The ash in crude glycerol was primarily sodium catalyst salts (96). During glycerol recovery, trace amounts of short- and medium-chain fatty acids were retained in the crude glycerol (106, 135). At the distillation temperatures, the free sodium hydroxide reacted with the fatty acids, forming short- and medium-chain soaps. Higher pH levels, due to the presence of more sodium hydroxide, resulted in greater soap formation. Sodium hydroxide also catalyzed glycerol polymerization to polyglycerol (136).

Many works have explored the distillation of the glycerol phase as a method for removing methanol (137). This technique operates based on boiling points. Two or more materials with different boiling points can be separated using vacuum distillation, and this concept was applied to glycerol purification. Before distillation, the glycerol was acidified (134). The success of vacuum distillations depends on temperature (T) and pressure (P). The crude glycerol was successfully distilled at 120-126 C and 4.0 x 10-1 to 4.0 x 10-2 mbar, producing glycerol 96.6% pure. The optimum pH for the distillation was less than five, which obviated foaming.

This technique is sensitive and must be monitored to avoid undesirable reactions. Three possible reactions can reduce the glycerol yield during distillation: polymerization, dehydration and oxidation.

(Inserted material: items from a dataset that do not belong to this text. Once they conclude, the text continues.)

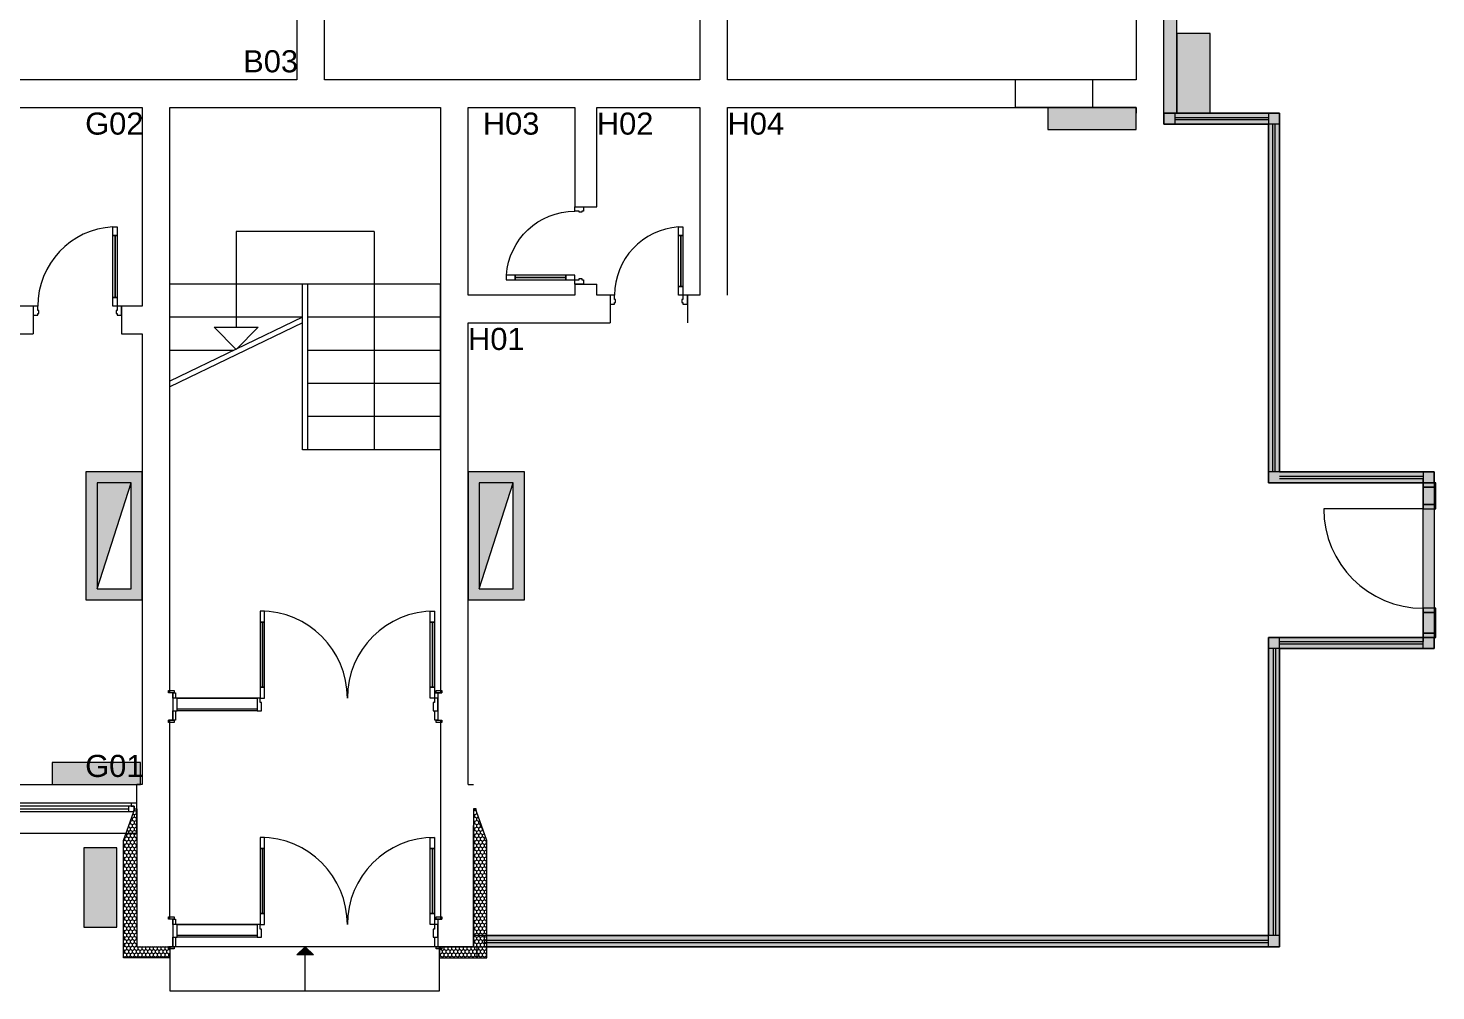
# Model space of a CAD drawing. Header units: feet. Extents: x 2795058 to 2880821, y -67651 to -26651.
# Drawn here: x 2824884 to 2837633, y -50759 to -42040 of the extents above; entities that cross this region are included whole.
import ezdxf

# ---------------------------------------------------------------- set-up
doc = ezdxf.new("R2010")
doc.units = ezdxf.units.FT
doc.header["$MEASUREMENT"] = 0
doc.linetypes.add('Long Dashed', pattern=[529.166651, 317.499995, -211.666656])
doc.layers.add('0_muret e jashtme', color=7, linetype='Continuous')
doc.layers.add('Shell - Roof', color=7, linetype='Continuous')
for name, color, linetype, lineweight in [('0_muret e jashtme_Pen_No__1', 7, 'Continuous', 0), ('Structural - Bearing_Pen_No__1', 7, 'Continuous', 0), ('Structural - Bearing_Pen_No__19', 255, 'Continuous', 0), ('Structural - Bearing_Pen_No__31', 171, 'Continuous', 0)]:
    doc.layers.add(name, color=color, linetype=linetype, lineweight=lineweight)
for name, color, linetype, lineweight, true_color in [('0_muret e jashtme_Pen_No__82', 7, 'Continuous', 0, 0xaaaaaa), ('ARCHICAD Doors_Pen_No__82', 7, 'Continuous', 0, 0xaaaaaa), ('ARCHICAD Windows_Pen_No__82', 7, 'Continuous', 0, 0xaaaaaa), ('Shell - Roof_Pen_No__82', 7, 'Continuous', 0, 0xaaaaaa), ('Structural - Bearing_Pen_No__3', 7, 'Continuous', 0, 0xff6600), ('Structural - Bearing_Pen_No__82', 7, 'Continuous', 0, 0xaaaaaa), ('Text blocks_Pen_No__82', 7, 'Continuous', 0, 0xaaaaaa)]:
    doc.layers.add(name, color=color, linetype=linetype, lineweight=lineweight, true_color=true_color)
doc.styles.add('GENERATED_STYLE_1', font='arial.ttf')
pattern_1 = [(90, (2247653.822, -76424.967), (-34.6410162, 0), [20, -40]), (90, (2247636.502, -76394.967), (-34.6410162, 0), [20, -40]), (150, (2247653.822, -76404.967), (17.320508, 30), [20, -40]), (150, (2247619.18, -76404.967), (17.320508, 30), [20, -40]), (210, (2247653.822, -76424.967), (-17.320508, 30), [20, -40]), (210, (2247619.18, -76424.967), (-17.320508, 30), [20, -40])]

# ---------------------------------------------------------------- blocks, each defined once
blk = doc.blocks.new('Wall_6', base_point=(2834918, -38859))
at = {"layer": '0_muret e jashtme_Pen_No__82', "linetype": 'Continuous', "lineweight": 0, "true_color": 0xaaaaaa}
h = blk.add_hatch(dxfattribs=at)
h.set_pattern_fill('STYROFOAM_SM_INSULATION', color=253, style=0, pattern_type=2)
h.set_pattern_definition(pattern_1)
h.paths.add_polyline_path([(2835288, -42809), (2835288, -38859), (2835168, -38859), (2835168, -42809)])
at = {"layer": '0_muret e jashtme_Pen_No__82', "color": 253, "linetype": 'Continuous', "lineweight": 0, "true_color": 0xaaaaaa}
blk.add_line((2835168, -42809), (2835168, -38859), dxfattribs=at)
at = {"layer": '0_muret e jashtme_Pen_No__82', "color": 253, "linetype": 'Continuous', "lineweight": 0, "true_color": 0xaaaaaa, "flags": 128}
for points in [[(2834918, -38859), (2834918, -42509)], [(2835288, -38859), (2834918, -38859)], [(2835288, -42809), (2835288, -38859)], [(2834918, -42759), (2834918, -42809)], [(2835168, -42809), (2835288, -42809)]]:
    blk.add_lwpolyline(points, dxfattribs=at)
blk = doc.blocks.new('Storefront 22')
at = {"layer": 'ARCHICAD Doors_Pen_No__82', "color": 253, "linetype": 'Continuous', "lineweight": 0, "true_color": 0xaaaaaa}
for p, q in [((370, 740), (370, 820)), ((370, 820), (410, 820)), ((410, 820), (410, 740)), ((370, 740), (390, 740)), ((370, 80), (370, 740)), ((410, 740), (370, 740)), ((390, 740), (410, 740)), ((390, 80), (390, 740)), ((390, 740), (390, 80)), ((390, 740), (390, 80)), ((410, 740), (410, 80)), ((-450, 0), (-450, -80)), ((-410, 0), (-450, 0)), ((-450, 0), (-450, -80)), ((-450, 0), (-450, -80)), ((-410, -40), (-410, 0)), ((390, 80), (370, 80)), ((370, 0), (370, 80)), ((370, 80), (410, 80)), ((410, 0), (370, 0)), ((410, 80), (390, 80)), ((410, 80), (410, 0)), ((410, 0), (410, -40)), ((450, 0), (410, 0)), ((450, -80), (450, 0)), ((450, 0), (450, -80)), ((450, 0), (450, -80)), ((-450, -80), (-410, -80)), ((-450, -80), (-450, -250)), ((-400, -40), (-410, -40)), ((-410, -80), (-410, -65.4)), ((-410, -65.4), (-400, -65.4)), ((-400, -65.4), (-400, -40)), ((410, -40), (400, -40)), ((400, -40), (400, -65.4)), ((400, -65.4), (410, -65.4)), ((410, -65.4), (410, -80)), ((410, -80), (450, -80)), ((450, -80), (450, -250))]:
    blk.add_line(p, q, dxfattribs=at)
blk.add_arc((410, 0), 820, 92.79603, 180, dxfattribs=at)
blk = doc.blocks.new('Wall_8', base_point=(2830968, -38859))
at = {"layer": '0_muret e jashtme_Pen_No__82', "color": 253, "linetype": 'Continuous', "lineweight": 0, "true_color": 0xaaaaaa}
for p, q in [((2831138, -39064), (2830968, -39064)), ((2831218, -39064), (2831138, -39064)), ((2831138, -39964), (2830968, -39964)), ((2831218, -39964), (2831138, -39964))]:
    blk.add_line(p, q, dxfattribs=at)
at = {"layer": '0_muret e jashtme_Pen_No__82', "color": 253, "linetype": 'Continuous', "lineweight": 0, "true_color": 0xaaaaaa, "flags": 128}
for points in [[(2830968, -38859), (2830968, -39064)], [(2831218, -39064), (2831218, -38859)], [(2830968, -39964), (2830968, -40859)], [(2831218, -42509), (2831218, -39964)], [(2830968, -41059), (2830968, -42509)], [(2830968, -42759), (2830968, -44459)], [(2831218, -44459), (2831218, -42759)]]:
    blk.add_lwpolyline(points, dxfattribs=at)
at = {"layer": 'ARCHICAD Doors_Pen_No__82', "color": 253, "linetype": 'Continuous', "lineweight": 0, "true_color": 0xaaaaaa, "xscale": -1, "zscale": 1000, "rotation": 270}
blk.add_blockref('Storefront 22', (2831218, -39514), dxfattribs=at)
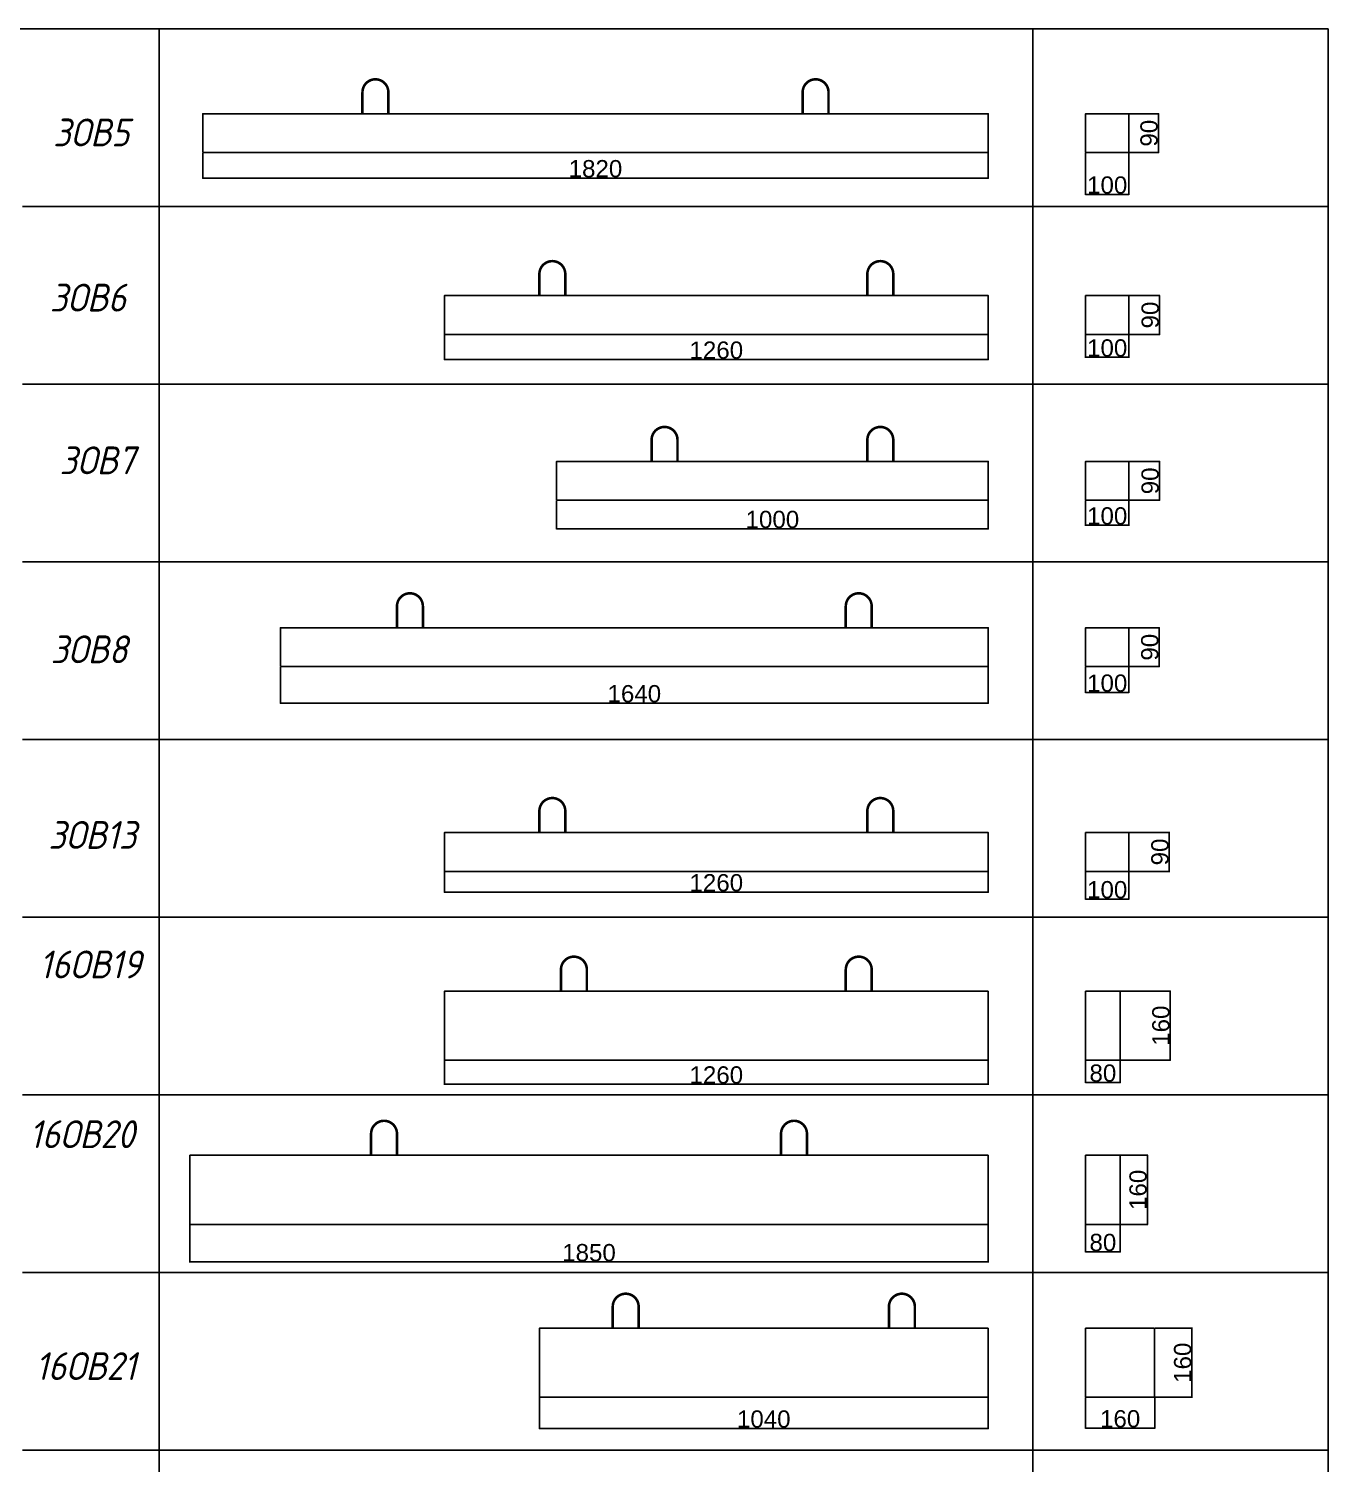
# Model space of a CAD drawing. Header units: millimetres. Extents: x -300689 to 10556, y -104928 to 107291.
# Drawn here: x 7544 to 10556, y 24591 to 27916 of the extents above; entities that cross this region are included whole.
import ezdxf

# ---------------------------------------------------------------- set-up
doc = ezdxf.new("R2010")
doc.units = ezdxf.units.MM
doc.layers.add('линии', color=7, linetype='Continuous')
doc.layers.add('толстая', color=7, linetype='Continuous', lineweight=60)
doc.styles.add('Arial', font='arial.ttf')
doc.styles.add('чертежный', font='isocpeui.ttf', dxfattribs={"width": 0.9})
doc.dimstyles.new('Копия 1-1', dxfattribs={"dimscale": 0, "dimtxt": 40, "dimasz": 2, "dimexe": 1, "dimexo": 1, "dimgap": 1, "dimtad": 1, "dimdec": 0, "dimzin": 0, "dimdsep": 46, "dimtxsty": 'Arial', "dimblk1": 'ARCHTICK', "dimblk2": 'ARCHTICK', "dimsah": 1, "dimcen": 3, "dimdle": 0.5, "dimclrd": 256, "dimclre": 256, "dimclrt": 256, "dimadec": 0, "dimazin": 0, "dimtfac": 1, "dimtdec": 0, "dimtofl": 0, "dimtmove": 1, "dimatfit": 3, "dimldrblk": 'DOTSMALL', "dimfxl": 0, "dimtolj": 1, "dimtzin": 0, "dimarcsym": 0})

# ---------------------------------------------------------------- blocks, each defined once
blk = doc.blocks.new('_ARCHTICK')
at = {"color": 0, "linetype": 'ByBlock', "ltscale": 10, "const_width": 0.15}
blk.add_lwpolyline([(-0.5, -0.5), (0.5, 0.5)], dxfattribs=at)
blk = doc.blocks.new('*D52')
at = {"layer": 'Defpoints', "color": 0, "linetype": 'ByBlock', "ltscale": 0.25}
for p in [(10093.5, 27718.4), (10093.5, 27628.4), (10162, 27628.4)]:
    blk.add_point(p, dxfattribs=at)
at = {"layer": 'линии', "linetype": 'ByBlock', "lineweight": -2, "ltscale": 0.25}
for p, q in [((10094.5, 27718.4), (10163, 27718.4)), ((10162, 27718.9), (10162, 27627.9)), ((10094.5, 27628.4), (10163, 27628.4))]:
    blk.add_line(p, q, dxfattribs=at)
at = {"layer": 'линии', "linetype": 'ByBlock', "lineweight": -2, "ltscale": 0.25, "xscale": 2, "yscale": 2, "zscale": 2}
for p, rotation in [((10162, 27718.4), 90), ((10162, 27628.4), 270)]:
    blk.add_blockref('_ARCHTICK', p, dxfattribs=dict(at, rotation=rotation))
at = {"layer": 'линии', "linetype": 'ByBlock', "ltscale": 0.25, "insert": (10140.6, 27673.4), "char_height": 40, "attachment_point": 5, "rotation": 90, "style": 'Arial'}
blk.add_mtext('\\A1;90', dxfattribs=at)
blk = doc.blocks.new('_DotSmall')
at = {"color": 0, "linetype": 'ByBlock', "const_width": 0.5}
blk.add_lwpolyline([(-0.0625, 0, 1), (0.0625, 0, 1)], format="xyb", close=True, dxfattribs=at)
blk = doc.blocks.new('*D53')
at = {"layer": 'Defpoints', "color": 0, "linetype": 'ByBlock', "ltscale": 0.25}
for p in [(9993.5, 27628.4), (10093.5, 27627.6), (10093.5, 27531.6)]:
    blk.add_point(p, dxfattribs=at)
at = {"layer": 'линии', "linetype": 'ByBlock', "lineweight": -2, "ltscale": 0.25}
for p, q in [((9993.5, 27627.4), (9993.5, 27530.6)), ((10093.5, 27626.6), (10093.5, 27530.6)), ((9993, 27531.6), (10094, 27531.6))]:
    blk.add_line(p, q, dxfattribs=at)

The polymerization of glycerol to polyglycerol occurs readily at high pH values, excess NaOH concentrations and high temperatures (>200 C) (136, 138). Glycerol dehydrates to acrolein (bp. 52C) at low pH (99, 139), that accumulates in the cold trap during distillation. In addition, glycerol can oxidize to glycerose, glyceraldehyde and dihydroxyacetone (140).

Recent Industrial Purification Processes

Recently, environmental issues have propelled the refinery industry to develop new technologies for glycerol purification. Many techniques are combined into a single step or a limited number of steps to enhance recovery and purification, e.g., soap splitting followed by salt and methanol removal. Some separation techniques have employed vacuums because of glycerol heat sensitivity (glycerol decomposes at 180 C) (119).

As established methods, these following technologies may be used to further enhance the purity of glycerol after the soap splitting step: fractional distillation, ion exchange, adsorption, precipitation, extraction, crystallization and dialysis. The most common purification pathway, in sequential order, is soap splitting, combined methanol/water removal, fractional distillation, ion exchange (zeolite or resins) and adsorption (active carbon powder) (120, 131). Well-known companies manufacture glycerol purification equipments. For example, companies such as Desmetballestra and Buss-SMS Canzler market ion exchange equipments. Other chemical companies, such as Rohm & Haas and Lanxess, supply ion exchange granulates, whereas Norit Company supplies powder and granulated activated carbon as glycerol bleaching and decolorizing agents (119). Their activated carbon, with its large surface area and high porosity, adsorbs pigments and organic matter easily for large glycerol samples. Ion exchange applications may be performed by either a column or batch technique (129). In addition, higher capacity ion exchanges that will make high-purity glycerol production more facile are being developed.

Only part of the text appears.